Task instructions →
Lines of the material that include the word "pcKd" are to be counted; only their number should be given.

Material provided →
━━━

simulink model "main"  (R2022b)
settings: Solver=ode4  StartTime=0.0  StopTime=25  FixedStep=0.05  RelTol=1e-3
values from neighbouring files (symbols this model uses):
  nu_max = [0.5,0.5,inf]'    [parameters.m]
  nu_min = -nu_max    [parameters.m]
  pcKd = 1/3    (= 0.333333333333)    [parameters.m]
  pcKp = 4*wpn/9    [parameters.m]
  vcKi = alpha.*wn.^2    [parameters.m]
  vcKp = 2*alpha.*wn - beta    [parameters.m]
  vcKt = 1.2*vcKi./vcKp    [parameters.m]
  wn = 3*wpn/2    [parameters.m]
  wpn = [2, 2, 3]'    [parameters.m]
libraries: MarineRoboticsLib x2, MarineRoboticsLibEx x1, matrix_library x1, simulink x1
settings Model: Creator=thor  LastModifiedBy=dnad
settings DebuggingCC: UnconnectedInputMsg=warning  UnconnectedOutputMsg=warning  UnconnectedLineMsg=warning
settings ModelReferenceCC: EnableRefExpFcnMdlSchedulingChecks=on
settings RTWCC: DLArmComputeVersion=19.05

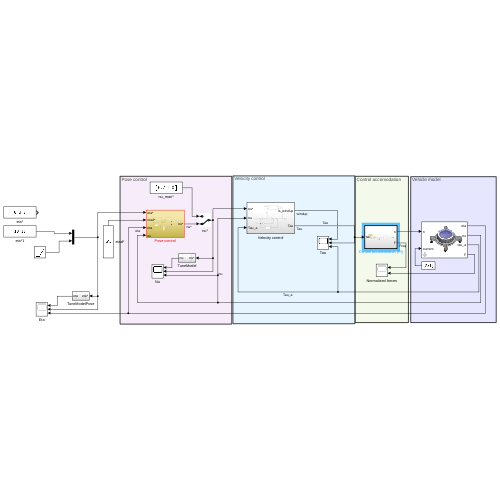
[thumbnail: Simulink's stored preview of the top-level diagram]
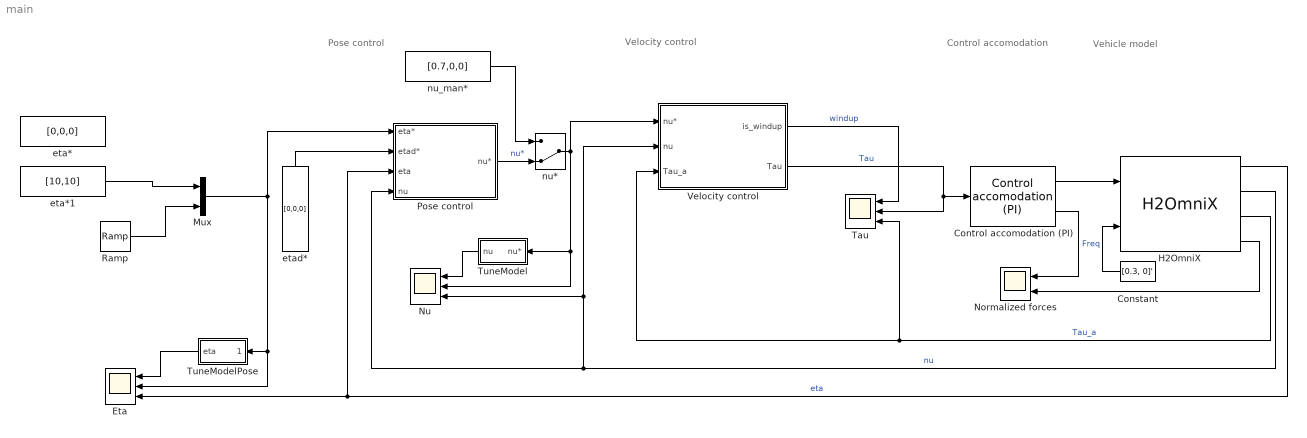
== system main ==
  note: Pose control
  note: Velocity control
  note: Vehicle model
  note: Control accomodation
  Constant : Constant  Value=[0.3, 0]'
  Control accomodation (PI) : MarineRoboticsLibEx/Control accomodation (PI)  SystemSampleTime=-1  VariantActivationTime=update diagram  Latency=0  AutoFrameSizeCalculation=off
  Eta : Scope  NumInputPorts=3
  H2OmniX : MarineRoboticsLib/H2OmniX  alpha=[2.1,2.1,0.4]  beta=[1,1,0.24]  betaa=[0,0,0]  nu0=[0,0,0]  eta0=[0,0,0]
  Mux : Mux  Inputs=2
  Normalized forces : Scope  NumInputPorts=2
  Nu : Scope  NumInputPorts=3
  Pose control : Subsystem
  Ramp : simulink/Sources/Ramp  slope=0.1  start=0  InitialOutput=0
  Tau : Scope  NumInputPorts=3
  TuneModel : Subsystem
  TuneModelPose : Subsystem
  Velocity control : Subsystem
  eta* : Constant  Value=[0,0,0]
  eta*1 : Constant  Value=[10,10]
  etad* : Constant  Value=[0,0,0]
  nu* : ManualSwitch  CurrentSetting=0
  nu_man* : Constant  Value=[0.7,0,0]
  wires:
  H2OmniX/1 -> Pose control/3(eta), Eta/3  "eta"
  H2OmniX/2 -> Velocity control/2(nu), Nu/3, Pose control/4(nu)  "nu"
  H2OmniX/3 -> Tau/3, Velocity control/3(Tau_a)  "Tau_a"
  Control accomodation (PI)/1 -> H2OmniX/1
  Velocity control/2(Tau) -> Control accomodation (PI)/1, Tau/2  "Tau"
  etad*/1 -> Pose control/2(etad*)
  nu*/1 -> Nu/2, TuneModel/1(nu*), Velocity control/1(nu*)
  Pose control/1(nu*) -> nu*/2  "nu*"
  nu_man*/1 -> nu*/1
  Velocity control/1(is_windup) -> Tau/1  "windup"
  TuneModel/1(nu) -> Nu/1
  H2OmniX/4 -> Normalized forces/2
  Control accomodation (PI)/2 -> Normalized forces/1  "Freq"
  TuneModelPose/1(eta) -> Eta/1
  Constant/1 -> H2OmniX/2
  Ramp/1 -> Mux/2
  eta*1/1 -> Mux/1
  Mux/1 -> Eta/2, TuneModelPose/1(eta*), Pose control/1(eta*)

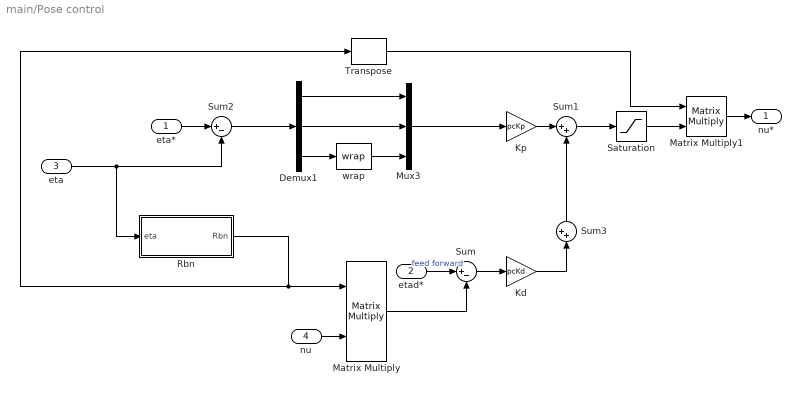
== system main/Pose control ==
  eta* : Inport
  etad* : Inport  Port=2
  eta : Inport  Port=3
  nu : Inport  Port=4
  Demux1 : Demux  Outputs=3
  Kd : Gain  Gain=pcKd
  Kp : Gain  Gain=pcKp
  Matrix Multiply : Product  Multiplication=Matrix(*)
  Matrix Multiply1 : Product  Multiplication=Matrix(*)
  Mux3 : Mux  Inputs=3
  Rbn : MATLAB Function  TreatAsAtomicUnit=on
  Saturation : Saturate  UpperLimit=nu_max  LowerLimit=nu_min
  Sum : Sum  Inputs=|+-
  Sum1 : Sum  Inputs=|++
  Sum2 : Sum  Inputs=|+-
  Sum3 : Sum  Inputs=++|
  Transpose : matrix_library/Transpose
  wrap : MarineRoboticsLib/wrap  SystemSampleTime=-1  VariantActivationTime=update diagram  Latency=0  AutoFrameSizeCalculation=off
      settings: LibrarySourceBlock=|
      | simulink/User-Defined
      | Functions/MATLAB Function
  nu* : Outport
  wires:
  Sum/1 -> Kd/1
  eta/1 -> Rbn/1(eta), Sum2/2
  etad*/1 -> Sum/1  "feed forward"
  Kp/1 -> Sum1/1
  eta*/1 -> Sum2/1
  Sum2/1 -> Demux1/1
  Demux1/1 -> Mux3/1
  Demux1/2 -> Mux3/2
  Demux1/3 -> wrap/1
  wrap/1 -> Mux3/3
  Mux3/1 -> Kp/1
  Sum1/1 -> Saturation/1
  Sum3/1 -> Sum1/2
  Kd/1 -> Sum3/2
  Rbn/1(Rbn) -> Matrix Multiply/1, Transpose/1
  Matrix Multiply1/1 -> nu*/1
  nu/1 -> Matrix Multiply/2
  Matrix Multiply/1 -> Sum/2
  Saturation/1 -> Matrix Multiply1/2
  Transpose/1 -> Matrix Multiply1/1

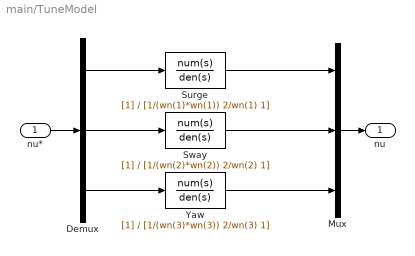
== system main/TuneModel ==
  nu* : Inport
  Demux : Demux  Outputs=3
  Mux : Mux  Inputs=3
  Surge : TransferFcn  Denominator=[1/(wn(1)*wn(1)) 2/wn(1) 1]
  Sway : TransferFcn  Denominator=[1/(wn(2)*wn(2)) 2/wn(2) 1]
  Yaw : TransferFcn  Denominator=[1/(wn(3)*wn(3)) 2/wn(3) 1]
  nu : Outport
  wires:
  nu*/1 -> Demux/1
  Demux/1 -> Surge/1
  Surge/1 -> Mux/1
  Mux/1 -> nu/1
  Sway/1 -> Mux/2
  Demux/2 -> Sway/1
  Demux/3 -> Yaw/1
  Yaw/1 -> Mux/3

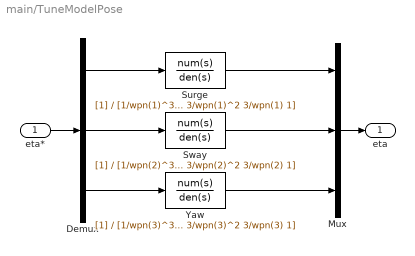
== system main/TuneModelPose ==
  eta* : Inport
  Demux : Demux  Outputs=3
  Mux : Mux  Inputs=3
  Surge : TransferFcn  Denominator=[1/wpn(1)^3 3/wpn(1)^2 3/wpn(1) 1]
  Sway : TransferFcn  Denominator=[1/wpn(2)^3 3/wpn(2)^2 3/wpn(2) 1]
  Yaw : TransferFcn  Denominator=[1/wpn(3)^3 3/wpn(3)^2 3/wpn(3) 1]
  eta : Outport
  wires:
  eta*/1 -> Demux/1
  Demux/1 -> Surge/1
  Surge/1 -> Mux/1
  Mux/1 -> eta/1
  Sway/1 -> Mux/2
  Demux/2 -> Sway/1
  Demux/3 -> Yaw/1
  Yaw/1 -> Mux/3

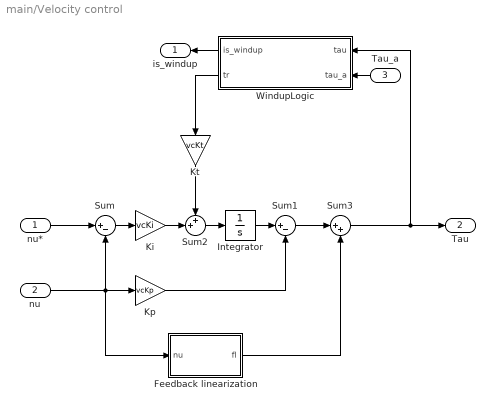
== system main/Velocity control ==
  nu* : Inport
  nu : Inport  Port=2
  Tau_a : Inport  Port=3
  Feedback linearization : MATLAB Function  TreatAsAtomicUnit=on
  Integrator : Integrator
  Ki : Gain  Gain=vcKi
  Kp : Gain  Gain=vcKp
  Kt : Gain  Gain=vcKt
  Sum : Sum  Inputs=|+-
  Sum1 : Sum  Inputs=|+-
  Sum2 : Sum  Inputs=++|
  Sum3 : Sum  Inputs=|++
  WindupLogic : MATLAB Function  TreatAsAtomicUnit=on
  is_windup : Outport
  Tau : Outport  Port=2
  wires:
  Tau_a/1 -> WindupLogic/2(tau_a)
  nu/1 -> Feedback linearization/1(nu), Kp/1, Sum/2
  Integrator/1 -> Sum1/1
  nu*/1 -> Sum/1
  Sum/1 -> Ki/1
  Sum2/1 -> Integrator/1
  Kp/1 -> Sum1/2
  Ki/1 -> Sum2/2
  WindupLogic/1(is_windup) -> is_windup/1
  WindupLogic/2(tr) -> Kt/1
  Sum1/1 -> Sum3/1
  Sum3/1 -> WindupLogic/1(tau), Tau/1
  Feedback linearization/1(fl) -> Sum3/2
  Kt/1 -> Sum2/1

== matlab function main/Velocity control/WindupLogic ==
  data: tau input; is_windup output; tau_a input; tr output
function [is_windup, tr] = checkWindup(tau, tau_a)
% Consider the tracking within tolerances
tol = 0.01;
is_windup = abs(tau-tau_a)>tol & abs(tau)>0.1;
tr = is_windup.*(tau_a - tau);
end

== matlab function main/Pose control/Rbn ==
  data: eta input; Rbn output
function Rbn = RotMatrix(eta)

cp = cos(eta(3));
sp = sin(eta(3));

Rbn = [cp -sp 0;
     sp  cp 0;
      0   0 1];

== matlab function main/Velocity control/Feedback linearization ==
  data: nu input; fl output
function fl = feedback_lin(nu)
Betaa = [0, 0, 0]';
fl = Betaa.*abs(nu).*nu;
end

━━━

Task response →
2